Five is often a magic number for early-phase usability studies. Confidence intervals will be rather wide, but the average SUS score will be surprisingly stable. We did several computer simulations and showed that at a sample size of 5, the sample mean is within six points of a very large sample SUS score 50% of the time (see the graph below).
The figure above shows the difference between the average SUS score and a the mean from a sample size of just 5 repeated 1000 times. In 50% of the samples the SUS score from a sample size of 5 was within 6 points of the true SUS score. Not bad for such a small sample size.
In other words, if the actual SUS score was a 74, average SUS scores from five users will fall between 66 and 80 half of the time. Seventy-five percent of the time, the score differed by 10 points and 95% of the time, by about 17 points. In other words, you get within the ballpark of the actual SUS score in more than half of the cases with very small sample sizes. For more precise measures of sample sizes, use the SUS Guide and Calculator.

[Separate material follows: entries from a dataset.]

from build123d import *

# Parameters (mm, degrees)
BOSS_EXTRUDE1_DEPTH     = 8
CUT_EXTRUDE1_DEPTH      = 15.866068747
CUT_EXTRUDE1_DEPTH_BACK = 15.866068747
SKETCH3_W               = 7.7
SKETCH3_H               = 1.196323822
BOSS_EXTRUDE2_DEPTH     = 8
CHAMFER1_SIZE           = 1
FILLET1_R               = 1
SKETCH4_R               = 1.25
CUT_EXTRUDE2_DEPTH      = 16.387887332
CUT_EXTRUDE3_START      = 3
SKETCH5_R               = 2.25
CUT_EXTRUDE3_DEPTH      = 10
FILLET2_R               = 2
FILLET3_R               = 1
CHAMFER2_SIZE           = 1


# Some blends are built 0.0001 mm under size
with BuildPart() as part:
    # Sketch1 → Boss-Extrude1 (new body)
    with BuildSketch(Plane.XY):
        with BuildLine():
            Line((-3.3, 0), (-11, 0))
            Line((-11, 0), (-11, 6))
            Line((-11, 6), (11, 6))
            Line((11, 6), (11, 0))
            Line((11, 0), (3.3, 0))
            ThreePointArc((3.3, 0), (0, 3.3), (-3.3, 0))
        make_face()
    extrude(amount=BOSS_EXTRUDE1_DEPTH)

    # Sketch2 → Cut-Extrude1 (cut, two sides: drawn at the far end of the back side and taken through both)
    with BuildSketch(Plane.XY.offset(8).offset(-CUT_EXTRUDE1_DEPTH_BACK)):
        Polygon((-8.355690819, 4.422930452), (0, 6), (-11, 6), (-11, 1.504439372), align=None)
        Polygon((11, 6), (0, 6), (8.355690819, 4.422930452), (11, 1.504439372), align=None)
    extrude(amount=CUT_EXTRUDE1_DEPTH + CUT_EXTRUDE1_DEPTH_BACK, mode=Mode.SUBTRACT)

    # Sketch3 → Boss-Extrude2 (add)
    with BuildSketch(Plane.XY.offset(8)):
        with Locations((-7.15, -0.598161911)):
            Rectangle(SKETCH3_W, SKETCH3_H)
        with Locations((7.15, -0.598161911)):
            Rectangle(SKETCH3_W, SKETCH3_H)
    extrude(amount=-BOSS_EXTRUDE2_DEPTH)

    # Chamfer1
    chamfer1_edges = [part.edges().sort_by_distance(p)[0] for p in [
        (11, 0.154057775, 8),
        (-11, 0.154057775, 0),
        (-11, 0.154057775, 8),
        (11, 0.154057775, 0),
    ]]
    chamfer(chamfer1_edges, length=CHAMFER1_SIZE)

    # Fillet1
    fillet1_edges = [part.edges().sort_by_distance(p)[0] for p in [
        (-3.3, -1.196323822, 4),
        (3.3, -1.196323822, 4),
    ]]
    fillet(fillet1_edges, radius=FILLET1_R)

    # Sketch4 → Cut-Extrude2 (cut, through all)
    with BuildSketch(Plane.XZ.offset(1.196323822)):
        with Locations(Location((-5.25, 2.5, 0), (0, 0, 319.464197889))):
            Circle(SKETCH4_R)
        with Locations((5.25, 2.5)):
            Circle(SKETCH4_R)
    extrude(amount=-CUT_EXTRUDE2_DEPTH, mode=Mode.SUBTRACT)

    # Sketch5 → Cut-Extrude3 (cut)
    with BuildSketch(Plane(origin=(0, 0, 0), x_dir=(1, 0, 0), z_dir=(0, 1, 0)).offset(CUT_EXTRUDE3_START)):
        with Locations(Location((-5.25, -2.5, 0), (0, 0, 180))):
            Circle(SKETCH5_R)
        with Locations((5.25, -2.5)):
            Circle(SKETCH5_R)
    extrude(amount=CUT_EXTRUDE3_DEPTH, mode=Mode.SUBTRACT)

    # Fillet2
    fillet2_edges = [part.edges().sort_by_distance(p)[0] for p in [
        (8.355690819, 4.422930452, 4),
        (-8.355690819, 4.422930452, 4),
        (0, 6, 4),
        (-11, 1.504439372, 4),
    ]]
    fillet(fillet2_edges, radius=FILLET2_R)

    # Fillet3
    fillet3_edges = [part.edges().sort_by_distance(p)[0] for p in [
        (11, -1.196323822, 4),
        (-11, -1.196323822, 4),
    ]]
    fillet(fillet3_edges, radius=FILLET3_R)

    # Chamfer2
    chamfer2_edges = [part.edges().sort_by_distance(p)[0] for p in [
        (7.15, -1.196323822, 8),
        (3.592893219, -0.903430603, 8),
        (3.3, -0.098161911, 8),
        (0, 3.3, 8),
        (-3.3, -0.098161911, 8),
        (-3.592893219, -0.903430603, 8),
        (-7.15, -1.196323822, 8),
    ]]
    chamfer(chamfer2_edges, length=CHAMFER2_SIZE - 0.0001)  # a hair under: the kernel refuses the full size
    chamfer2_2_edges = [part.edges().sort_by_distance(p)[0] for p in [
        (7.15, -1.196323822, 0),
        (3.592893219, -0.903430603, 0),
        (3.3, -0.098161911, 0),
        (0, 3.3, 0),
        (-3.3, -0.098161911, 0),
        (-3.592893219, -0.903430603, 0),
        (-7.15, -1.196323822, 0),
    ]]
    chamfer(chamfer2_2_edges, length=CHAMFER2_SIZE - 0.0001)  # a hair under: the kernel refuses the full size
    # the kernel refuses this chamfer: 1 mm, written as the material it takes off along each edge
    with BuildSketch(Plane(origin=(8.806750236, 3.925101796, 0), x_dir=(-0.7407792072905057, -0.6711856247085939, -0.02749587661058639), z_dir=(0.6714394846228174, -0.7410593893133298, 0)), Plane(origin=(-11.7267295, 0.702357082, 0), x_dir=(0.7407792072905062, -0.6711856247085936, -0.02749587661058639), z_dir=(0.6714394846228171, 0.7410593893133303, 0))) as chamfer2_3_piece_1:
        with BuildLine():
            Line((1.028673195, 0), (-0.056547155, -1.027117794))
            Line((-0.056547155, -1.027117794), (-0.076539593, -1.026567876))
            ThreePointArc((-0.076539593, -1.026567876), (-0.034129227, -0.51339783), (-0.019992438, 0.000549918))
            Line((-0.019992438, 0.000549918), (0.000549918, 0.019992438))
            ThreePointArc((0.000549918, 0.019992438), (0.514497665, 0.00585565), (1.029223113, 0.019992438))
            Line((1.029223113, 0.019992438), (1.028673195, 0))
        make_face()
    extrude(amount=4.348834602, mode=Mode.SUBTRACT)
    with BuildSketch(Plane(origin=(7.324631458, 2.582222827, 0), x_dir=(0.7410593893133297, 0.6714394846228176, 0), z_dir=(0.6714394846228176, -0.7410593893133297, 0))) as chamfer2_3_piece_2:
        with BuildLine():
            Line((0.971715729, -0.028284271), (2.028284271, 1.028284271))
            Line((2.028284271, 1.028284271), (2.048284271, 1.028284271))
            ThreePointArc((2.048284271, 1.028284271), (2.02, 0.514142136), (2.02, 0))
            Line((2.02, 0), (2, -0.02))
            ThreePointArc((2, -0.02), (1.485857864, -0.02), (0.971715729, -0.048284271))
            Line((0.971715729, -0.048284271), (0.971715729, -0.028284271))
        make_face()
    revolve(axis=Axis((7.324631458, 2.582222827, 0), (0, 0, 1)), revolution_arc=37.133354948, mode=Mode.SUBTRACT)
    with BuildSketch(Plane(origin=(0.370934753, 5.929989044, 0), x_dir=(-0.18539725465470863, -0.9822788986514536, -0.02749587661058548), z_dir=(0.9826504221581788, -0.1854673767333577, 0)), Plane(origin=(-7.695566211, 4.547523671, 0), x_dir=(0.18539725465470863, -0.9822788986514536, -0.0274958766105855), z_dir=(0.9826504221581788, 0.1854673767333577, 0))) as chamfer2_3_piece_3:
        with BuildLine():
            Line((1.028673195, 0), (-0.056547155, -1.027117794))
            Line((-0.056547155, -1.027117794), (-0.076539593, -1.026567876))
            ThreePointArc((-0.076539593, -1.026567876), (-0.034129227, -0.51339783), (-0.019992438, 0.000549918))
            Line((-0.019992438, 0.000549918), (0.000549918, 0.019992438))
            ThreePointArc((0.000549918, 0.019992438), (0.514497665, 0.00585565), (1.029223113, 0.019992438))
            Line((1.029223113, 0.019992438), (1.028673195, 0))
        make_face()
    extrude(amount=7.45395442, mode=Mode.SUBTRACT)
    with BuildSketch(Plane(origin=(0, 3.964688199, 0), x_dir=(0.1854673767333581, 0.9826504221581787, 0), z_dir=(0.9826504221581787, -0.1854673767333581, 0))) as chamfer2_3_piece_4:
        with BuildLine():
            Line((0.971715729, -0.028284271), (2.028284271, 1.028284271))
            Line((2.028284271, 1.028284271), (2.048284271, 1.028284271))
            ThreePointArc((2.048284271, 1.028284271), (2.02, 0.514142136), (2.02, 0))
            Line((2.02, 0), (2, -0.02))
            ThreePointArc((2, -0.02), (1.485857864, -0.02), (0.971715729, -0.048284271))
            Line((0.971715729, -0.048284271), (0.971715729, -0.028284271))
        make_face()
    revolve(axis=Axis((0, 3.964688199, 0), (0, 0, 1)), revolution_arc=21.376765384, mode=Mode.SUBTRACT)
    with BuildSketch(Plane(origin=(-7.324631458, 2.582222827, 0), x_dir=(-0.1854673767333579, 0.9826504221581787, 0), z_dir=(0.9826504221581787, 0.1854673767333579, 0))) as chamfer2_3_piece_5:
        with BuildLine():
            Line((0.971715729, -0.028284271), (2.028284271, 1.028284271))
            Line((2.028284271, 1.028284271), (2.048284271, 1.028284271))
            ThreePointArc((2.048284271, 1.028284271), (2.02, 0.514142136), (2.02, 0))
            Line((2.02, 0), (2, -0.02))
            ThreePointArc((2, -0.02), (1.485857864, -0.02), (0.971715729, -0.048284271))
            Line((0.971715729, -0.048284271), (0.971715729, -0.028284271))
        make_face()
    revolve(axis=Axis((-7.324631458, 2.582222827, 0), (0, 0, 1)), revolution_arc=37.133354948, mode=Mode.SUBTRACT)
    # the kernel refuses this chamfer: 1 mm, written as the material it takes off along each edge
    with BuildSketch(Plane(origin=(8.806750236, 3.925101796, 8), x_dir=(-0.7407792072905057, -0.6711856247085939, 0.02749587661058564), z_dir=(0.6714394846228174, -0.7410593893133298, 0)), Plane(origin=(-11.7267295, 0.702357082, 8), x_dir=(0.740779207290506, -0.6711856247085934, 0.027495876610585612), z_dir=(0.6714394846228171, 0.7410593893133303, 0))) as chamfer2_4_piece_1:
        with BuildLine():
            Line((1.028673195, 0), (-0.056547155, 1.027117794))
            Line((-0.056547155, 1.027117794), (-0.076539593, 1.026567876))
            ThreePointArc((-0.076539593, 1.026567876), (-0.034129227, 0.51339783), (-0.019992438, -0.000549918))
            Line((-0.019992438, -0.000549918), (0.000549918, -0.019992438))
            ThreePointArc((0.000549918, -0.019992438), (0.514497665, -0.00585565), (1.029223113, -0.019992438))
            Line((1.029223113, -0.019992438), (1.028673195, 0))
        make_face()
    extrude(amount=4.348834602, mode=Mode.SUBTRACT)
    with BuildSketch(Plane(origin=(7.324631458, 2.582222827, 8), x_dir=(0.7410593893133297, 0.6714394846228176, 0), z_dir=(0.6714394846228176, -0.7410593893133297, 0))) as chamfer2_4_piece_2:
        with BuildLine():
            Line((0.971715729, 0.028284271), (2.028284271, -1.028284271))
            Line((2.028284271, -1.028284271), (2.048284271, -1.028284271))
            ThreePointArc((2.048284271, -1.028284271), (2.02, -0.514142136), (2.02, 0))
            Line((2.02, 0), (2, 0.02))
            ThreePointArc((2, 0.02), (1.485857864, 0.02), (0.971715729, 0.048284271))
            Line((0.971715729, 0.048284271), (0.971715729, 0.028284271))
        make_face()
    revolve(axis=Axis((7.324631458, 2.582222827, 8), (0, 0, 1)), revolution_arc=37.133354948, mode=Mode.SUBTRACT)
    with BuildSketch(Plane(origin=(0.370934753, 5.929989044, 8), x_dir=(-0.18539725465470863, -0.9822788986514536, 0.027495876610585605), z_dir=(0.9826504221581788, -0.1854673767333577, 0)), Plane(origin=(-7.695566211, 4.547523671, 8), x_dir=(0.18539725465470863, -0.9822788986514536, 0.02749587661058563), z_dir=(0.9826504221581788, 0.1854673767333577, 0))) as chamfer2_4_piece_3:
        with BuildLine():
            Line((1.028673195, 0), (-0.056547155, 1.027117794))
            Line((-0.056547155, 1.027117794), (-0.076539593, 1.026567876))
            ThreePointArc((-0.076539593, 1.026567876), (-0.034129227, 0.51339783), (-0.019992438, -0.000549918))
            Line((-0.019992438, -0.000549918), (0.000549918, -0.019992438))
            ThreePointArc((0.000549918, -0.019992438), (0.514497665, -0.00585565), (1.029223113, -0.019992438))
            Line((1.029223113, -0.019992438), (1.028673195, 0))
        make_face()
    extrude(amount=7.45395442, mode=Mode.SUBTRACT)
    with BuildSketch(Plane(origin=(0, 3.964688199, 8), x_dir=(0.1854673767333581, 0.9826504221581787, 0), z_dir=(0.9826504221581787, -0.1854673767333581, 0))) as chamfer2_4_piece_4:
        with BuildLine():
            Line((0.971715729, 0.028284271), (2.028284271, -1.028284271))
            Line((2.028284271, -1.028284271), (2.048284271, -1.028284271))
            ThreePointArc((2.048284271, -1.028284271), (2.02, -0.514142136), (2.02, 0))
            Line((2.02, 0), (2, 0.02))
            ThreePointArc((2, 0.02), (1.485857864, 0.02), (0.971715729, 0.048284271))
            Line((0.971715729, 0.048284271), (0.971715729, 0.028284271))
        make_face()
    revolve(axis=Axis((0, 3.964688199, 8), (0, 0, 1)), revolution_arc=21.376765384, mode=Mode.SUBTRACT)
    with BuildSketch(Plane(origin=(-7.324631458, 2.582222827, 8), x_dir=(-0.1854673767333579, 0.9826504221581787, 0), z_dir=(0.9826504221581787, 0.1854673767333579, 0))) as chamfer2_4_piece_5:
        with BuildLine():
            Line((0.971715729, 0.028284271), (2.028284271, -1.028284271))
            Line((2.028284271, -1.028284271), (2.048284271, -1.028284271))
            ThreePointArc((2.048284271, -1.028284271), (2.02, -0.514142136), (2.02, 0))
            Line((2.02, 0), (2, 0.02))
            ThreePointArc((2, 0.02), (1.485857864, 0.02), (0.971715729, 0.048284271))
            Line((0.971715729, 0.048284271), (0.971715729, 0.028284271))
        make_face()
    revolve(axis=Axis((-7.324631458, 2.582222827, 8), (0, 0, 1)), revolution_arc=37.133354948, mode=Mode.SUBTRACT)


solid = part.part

- SUS scores were not meant to be diagnostic: One surprise that first-time users of SUS sometimes encounter is the lack of diagnostic information they receive. At best, the SUS will provide a measure of usability and learnability, which can be compared to some industry benchmarks. You can look at the individual items in the SUS but none of them really tell you what to fix in the interface. That’s because the SUS, like most questionnaires, was never meant to be diagnostic. It would take too many items and still probably be too vague to determine if the labels, the search engine results page or the product descriptions need improvement. Fortunately, by having participants attempt a few realistic tasks and noting problems in their behavior you can quickly identify areas that are affecting SUS scores.
- SUS is technology agnostic: The items of the SUS are phrased in a way that allows it to be administered on any type of system a user interacts with. That means a company that develops hardware, software or voice response systems can use SUS as a flexible internal benchmark. This flexibility comes at a price, however. When you need to get more specific measures for a technology (for example, trust or visual appeal) the SUS is probably not the best tool for the job.
- SUS might not always be the best questionnaire: While SUS is technology agnostic and relatively short, we use other instruments depending on the job.
- For measuring website usability, we use the 13 item SUPR-Q. Four of the items can generate a reliable SUS equivalent score. The other items provide measures of credibility/trust, appearance and loyalty.
- For measuring task-level usability, we use the Single Ease Question (SEQ).
- For measuring perceived usefulness of mobile apps, we use the item “The application’s capabilities meet my requirements” which has a five-point rating scale (more on this item in future blogs).
One thing all these scales have in common is that we can compare a raw score to a larger dataset to generate relative rankings and percentile ranks to provide more meaning to the metrics.